0.142 Recurring as a Fraction in Simplest Form
In this article, we will explore how to convert the recurring decimal 0.142 into a fraction in its simplest form.
What is a Recurring Decimal?
A recurring decimal is a decimal number that has a sequence of digits that repeats indefinitely. In the case of 0.142, the sequence "142" repeats indefinitely, making it a recurring decimal.
Converting a Recurring Decimal to a Fraction
To convert a recurring decimal to a fraction, we can use the following steps:
- Let the recurring decimal be x. In this case, x = 0.142.
- Multiply both sides of the equation by 10^3, where 3 is the number of digits in the repeating sequence.

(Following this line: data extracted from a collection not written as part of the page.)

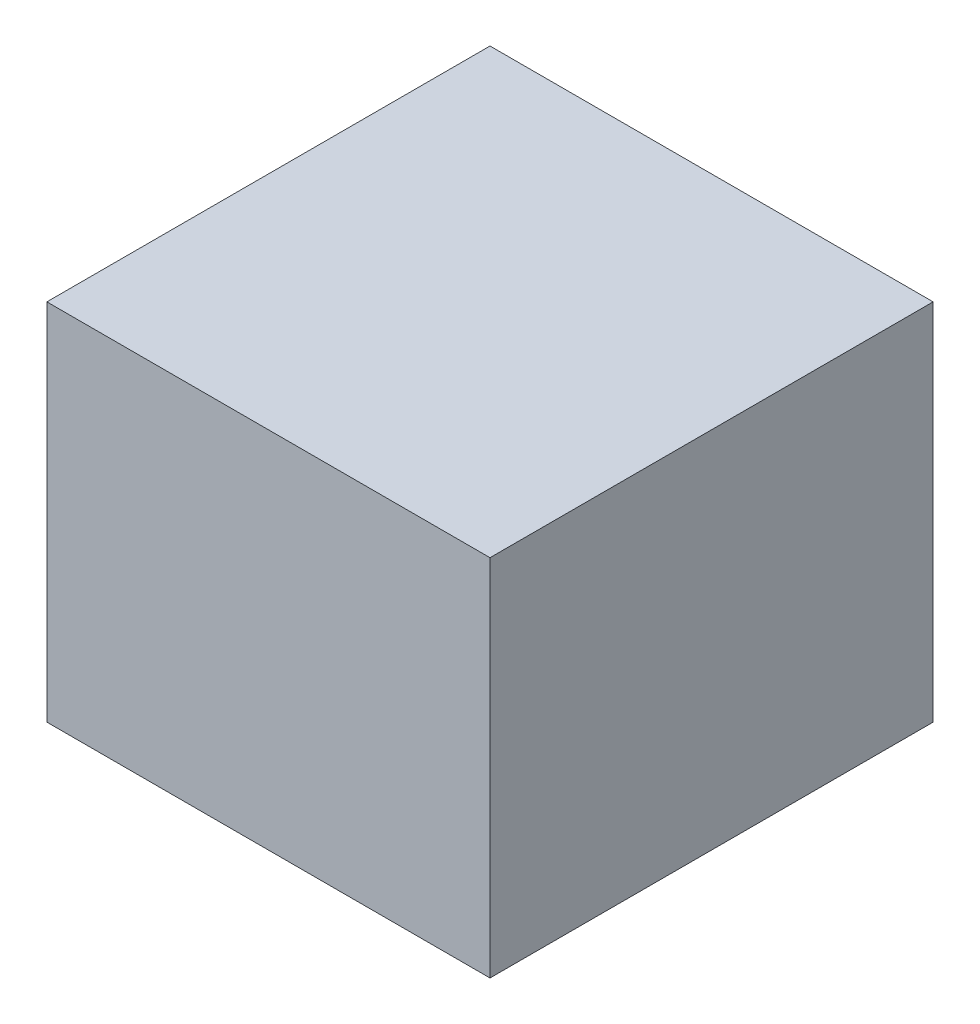
ISO-10303-21;
HEADER;
FILE_DESCRIPTION(('STEP AP214'),'2;1');
FILE_NAME('part.step','',(''),(''),'','','');
FILE_SCHEMA(('AUTOMOTIVE_DESIGN { 1 0 10303 214 1 1 1 1 }'));
ENDSEC;
DATA;
#1=APPLICATION_CONTEXT('core data for automotive mechanical design processes');
#2=APPLICATION_PROTOCOL_DEFINITION('international standard','automotive_design',2000,#1);
#3=PRODUCT_CONTEXT('',#1,'mechanical');
#4=PRODUCT('Part','Part','',(#3));
#5=PRODUCT_RELATED_PRODUCT_CATEGORY('part','',(#4));
#6=PRODUCT_DEFINITION_FORMATION('','',#4);
#7=PRODUCT_DEFINITION_CONTEXT('part definition',#1,'design');
#8=PRODUCT_DEFINITION('design','',#6,#7);
#9=PRODUCT_DEFINITION_SHAPE('','',#8);
#10=(LENGTH_UNIT() NAMED_UNIT(*) SI_UNIT(.MILLI.,.METRE.));
#11=(NAMED_UNIT(*) PLANE_ANGLE_UNIT() SI_UNIT($,.RADIAN.));
#12=(NAMED_UNIT(*) SI_UNIT($,.STERADIAN.) SOLID_ANGLE_UNIT());
#13=UNCERTAINTY_MEASURE_WITH_UNIT(LENGTH_MEASURE(1.E-05),#10,'distance_accuracy_value','');
#14=(GEOMETRIC_REPRESENTATION_CONTEXT(3) GLOBAL_UNCERTAINTY_ASSIGNED_CONTEXT((#13)) GLOBAL_UNIT_ASSIGNED_CONTEXT((#10,
#11,#12)) REPRESENTATION_CONTEXT('',''));
#15=CARTESIAN_POINT('',(0.,0.,0.));
#16=DIRECTION('',(0.,0.,1.));
#17=DIRECTION('',(1.,0.,0.));
#18=AXIS2_PLACEMENT_3D('',#15,#16,#17);
#19=CARTESIAN_POINT('',(70.,57.5,-70.));
#20=DIRECTION('',(-1.,0.,0.));
#21=DIRECTION('',(0.,0.,1.));
#22=AXIS2_PLACEMENT_3D('',#19,#20,#21);
#23=PLANE('',#22);
#24=DIRECTION('',(0.,0.,-1.));
#25=VECTOR('',#24,1.);
#26=CARTESIAN_POINT('',(70.,-57.5,-70.));
#27=LINE('',#26,#25);
#28=CARTESIAN_POINT('',(70.,-57.5,70.));
#29=VERTEX_POINT('',#28);
#30=CARTESIAN_POINT('',(70.,-57.5,-70.));
#31=VERTEX_POINT('',#30);
#32=EDGE_CURVE('E97',#29,#31,#27,.T.);
#33=ORIENTED_EDGE('',*,*,#32,.T.);
#34=DIRECTION('',(0.,-1.,0.));
#35=VECTOR('',#34,1.);
#36=CARTESIAN_POINT('',(70.,57.5,-70.));
#37=LINE('',#36,#35);
#38=CARTESIAN_POINT('',(70.,57.5,-70.));
#39=VERTEX_POINT('',#38);
#40=EDGE_CURVE('E11',#39,#31,#37,.T.);
#41=ORIENTED_EDGE('',*,*,#40,.F.);
#42=DIRECTION('',(0.,0.,-1.));
#43=VECTOR('',#42,1.);
#44=CARTESIAN_POINT('',(70.,57.5,-70.));
#45=LINE('',#44,#43);
#46=CARTESIAN_POINT('',(70.,57.5,70.));
#47=VERTEX_POINT('',#46);
#48=EDGE_CURVE('E85',#47,#39,#45,.T.);
#49=ORIENTED_EDGE('',*,*,#48,.F.);
#50=DIRECTION('',(0.,-1.,0.));
#51=VECTOR('',#50,1.);
#52=CARTESIAN_POINT('',(70.,57.5,70.));
#53=LINE('',#52,#51);
#54=EDGE_CURVE('E93',#47,#29,#53,.T.);
#55=ORIENTED_EDGE('',*,*,#54,.T.);
#56=EDGE_LOOP('',(#33,#41,#49,#55));
#57=FACE_BOUND('',#56,.T.);
#58=ADVANCED_FACE('F34',(#57),#23,.F.);
#59=CARTESIAN_POINT('',(-70.,57.5,-70.));
#60=DIRECTION('',(0.,0.,1.));
#61=DIRECTION('',(1.,0.,0.));
#62=AXIS2_PLACEMENT_3D('',#59,#60,#61);
#63=PLANE('',#62);
#64=DIRECTION('',(-1.,0.,0.));
#65=VECTOR('',#64,1.);
#66=CARTESIAN_POINT('',(-70.,-57.5,-70.));
#67=LINE('',#66,#65);
#68=CARTESIAN_POINT('',(-70.,-57.5,-70.));
#69=VERTEX_POINT('',#68);
#70=EDGE_CURVE('E89',#31,#69,#67,.T.);
#71=ORIENTED_EDGE('',*,*,#70,.T.);
#72=DIRECTION('',(0.,-1.,0.));
#73=VECTOR('',#72,1.);
#74=CARTESIAN_POINT('',(-70.,57.5,-70.));
#75=LINE('',#74,#73);
#76=CARTESIAN_POINT('',(-70.,57.5,-70.));
#77=VERTEX_POINT('',#76);
#78=EDGE_CURVE('E42',#77,#69,#75,.T.);
#79=ORIENTED_EDGE('',*,*,#78,.F.);
#80=DIRECTION('',(-1.,0.,0.));
#81=VECTOR('',#80,1.);
#82=CARTESIAN_POINT('',(-70.,57.5,-70.));
#83=LINE('',#82,#81);
#84=EDGE_CURVE('E80',#39,#77,#83,.T.);
#85=ORIENTED_EDGE('',*,*,#84,.F.);
#86=ORIENTED_EDGE('',*,*,#40,.T.);
#87=EDGE_LOOP('',(#71,#79,#85,#86));
#88=FACE_BOUND('',#87,.T.);
#89=ADVANCED_FACE('F88',(#88),#63,.F.);
#90=CARTESIAN_POINT('',(-70.,57.5,-70.));
#91=DIRECTION('',(1.,0.,0.));
#92=DIRECTION('',(0.,0.,-1.));
#93=AXIS2_PLACEMENT_3D('',#90,#91,#92);
#94=PLANE('',#93);
#95=DIRECTION('',(0.,0.,1.));
#96=VECTOR('',#95,1.);
#97=CARTESIAN_POINT('',(-70.,-57.5,-70.));
#98=LINE('',#97,#96);
#99=CARTESIAN_POINT('',(-70.,-57.5,70.));
#100=VERTEX_POINT('',#99);
#101=EDGE_CURVE('E67',#69,#100,#98,.T.);
#102=ORIENTED_EDGE('',*,*,#101,.T.);
#103=DIRECTION('',(0.,-1.,0.));
#104=VECTOR('',#103,1.);
#105=CARTESIAN_POINT('',(-70.,57.5,70.));
#106=LINE('',#105,#104);
#107=CARTESIAN_POINT('',(-70.,57.5,70.));
#108=VERTEX_POINT('',#107);
#109=EDGE_CURVE('E90',#108,#100,#106,.T.);
#110=ORIENTED_EDGE('',*,*,#109,.F.);
#111=DIRECTION('',(0.,0.,1.));
#112=VECTOR('',#111,1.);
#113=CARTESIAN_POINT('',(-70.,57.5,-70.));
#114=LINE('',#113,#112);
#115=EDGE_CURVE('E83',#77,#108,#114,.T.);
#116=ORIENTED_EDGE('',*,*,#115,.F.);
#117=ORIENTED_EDGE('',*,*,#78,.T.);
#118=EDGE_LOOP('',(#102,#110,#116,#117));
#119=FACE_BOUND('',#118,.T.);
#120=ADVANCED_FACE('F91',(#119),#94,.F.);
#121=CARTESIAN_POINT('',(-70.,57.5,70.));
#122=DIRECTION('',(0.,0.,-1.));
#123=DIRECTION('',(-1.,0.,0.));
#124=AXIS2_PLACEMENT_3D('',#121,#122,#123);
#125=PLANE('',#124);
#126=DIRECTION('',(1.,0.,0.));
#127=VECTOR('',#126,1.);
#128=CARTESIAN_POINT('',(-70.,-57.5,70.));
#129=LINE('',#128,#127);
#130=EDGE_CURVE('E73',#100,#29,#129,.T.);
#131=ORIENTED_EDGE('',*,*,#130,.T.);
#132=ORIENTED_EDGE('',*,*,#54,.F.);
#133=DIRECTION('',(1.,0.,0.));
#134=VECTOR('',#133,1.);
#135=CARTESIAN_POINT('',(-70.,57.5,70.));
#136=LINE('',#135,#134);
#137=EDGE_CURVE('E50',#108,#47,#136,.T.);
#138=ORIENTED_EDGE('',*,*,#137,.F.);
#139=ORIENTED_EDGE('',*,*,#109,.T.);
#140=EDGE_LOOP('',(#131,#132,#138,#139));
#141=FACE_BOUND('',#140,.T.);
#142=ADVANCED_FACE('F104',(#141),#125,.F.);
#143=CARTESIAN_POINT('',(0.,57.5,0.));
#144=DIRECTION('',(0.,1.,0.));
#145=DIRECTION('',(0.,0.,1.));
#146=AXIS2_PLACEMENT_3D('',#143,#144,#145);
#147=PLANE('',#146);
#148=ORIENTED_EDGE('',*,*,#48,.T.);
#149=ORIENTED_EDGE('',*,*,#84,.T.);
#150=ORIENTED_EDGE('',*,*,#115,.T.);
#151=ORIENTED_EDGE('',*,*,#137,.T.);
#152=EDGE_LOOP('',(#148,#149,#150,#151));
#153=FACE_BOUND('',#152,.T.);
#154=ADVANCED_FACE('F81',(#153),#147,.T.);
#155=CARTESIAN_POINT('',(0.,-57.5,0.));
#156=DIRECTION('',(0.,1.,0.));
#157=DIRECTION('',(0.,0.,1.));
#158=AXIS2_PLACEMENT_3D('',#155,#156,#157);
#159=PLANE('',#158);
#160=ORIENTED_EDGE('',*,*,#32,.F.);
#161=ORIENTED_EDGE('',*,*,#130,.F.);
#162=ORIENTED_EDGE('',*,*,#101,.F.);
#163=ORIENTED_EDGE('',*,*,#70,.F.);
#164=EDGE_LOOP('',(#160,#161,#162,#163));
#165=FACE_BOUND('',#164,.T.);
#166=ADVANCED_FACE('F107',(#165),#159,.F.);
#167=CLOSED_SHELL('',(#58,#89,#120,#142,#154,#166));
#168=MANIFOLD_SOLID_BREP('B2',#167);
#169=ADVANCED_BREP_SHAPE_REPRESENTATION('',(#18,#168),#14);
#170=SHAPE_DEFINITION_REPRESENTATION(#9,#169);
ENDSEC;
END-ISO-10303-21;

- Simplify the equation by subtracting the original equation from the new equation.
- Solve for x.
Converting 0.142 to a Fraction
Let's follow the steps above to convert 0.142 to a fraction:
Step 1: Let x = 0.142.
Step 2: Multiply both sides of the equation by 10^3:
1000x = 142.142
Step 3: Subtract the original equation from the new equation:
999x = 142
Step 4: Solve for x:
x = 142/999
Simplifying the Fraction
To simplify the fraction, we can divide both the numerator and the denominator by their greatest common divisor (GCD). The GCD of 142 and 999 is 1, so the fraction is already in its simplest form:
x = 142/999
Therefore, the recurring decimal 0.142 can be expressed as a fraction in its simplest form as 142/999.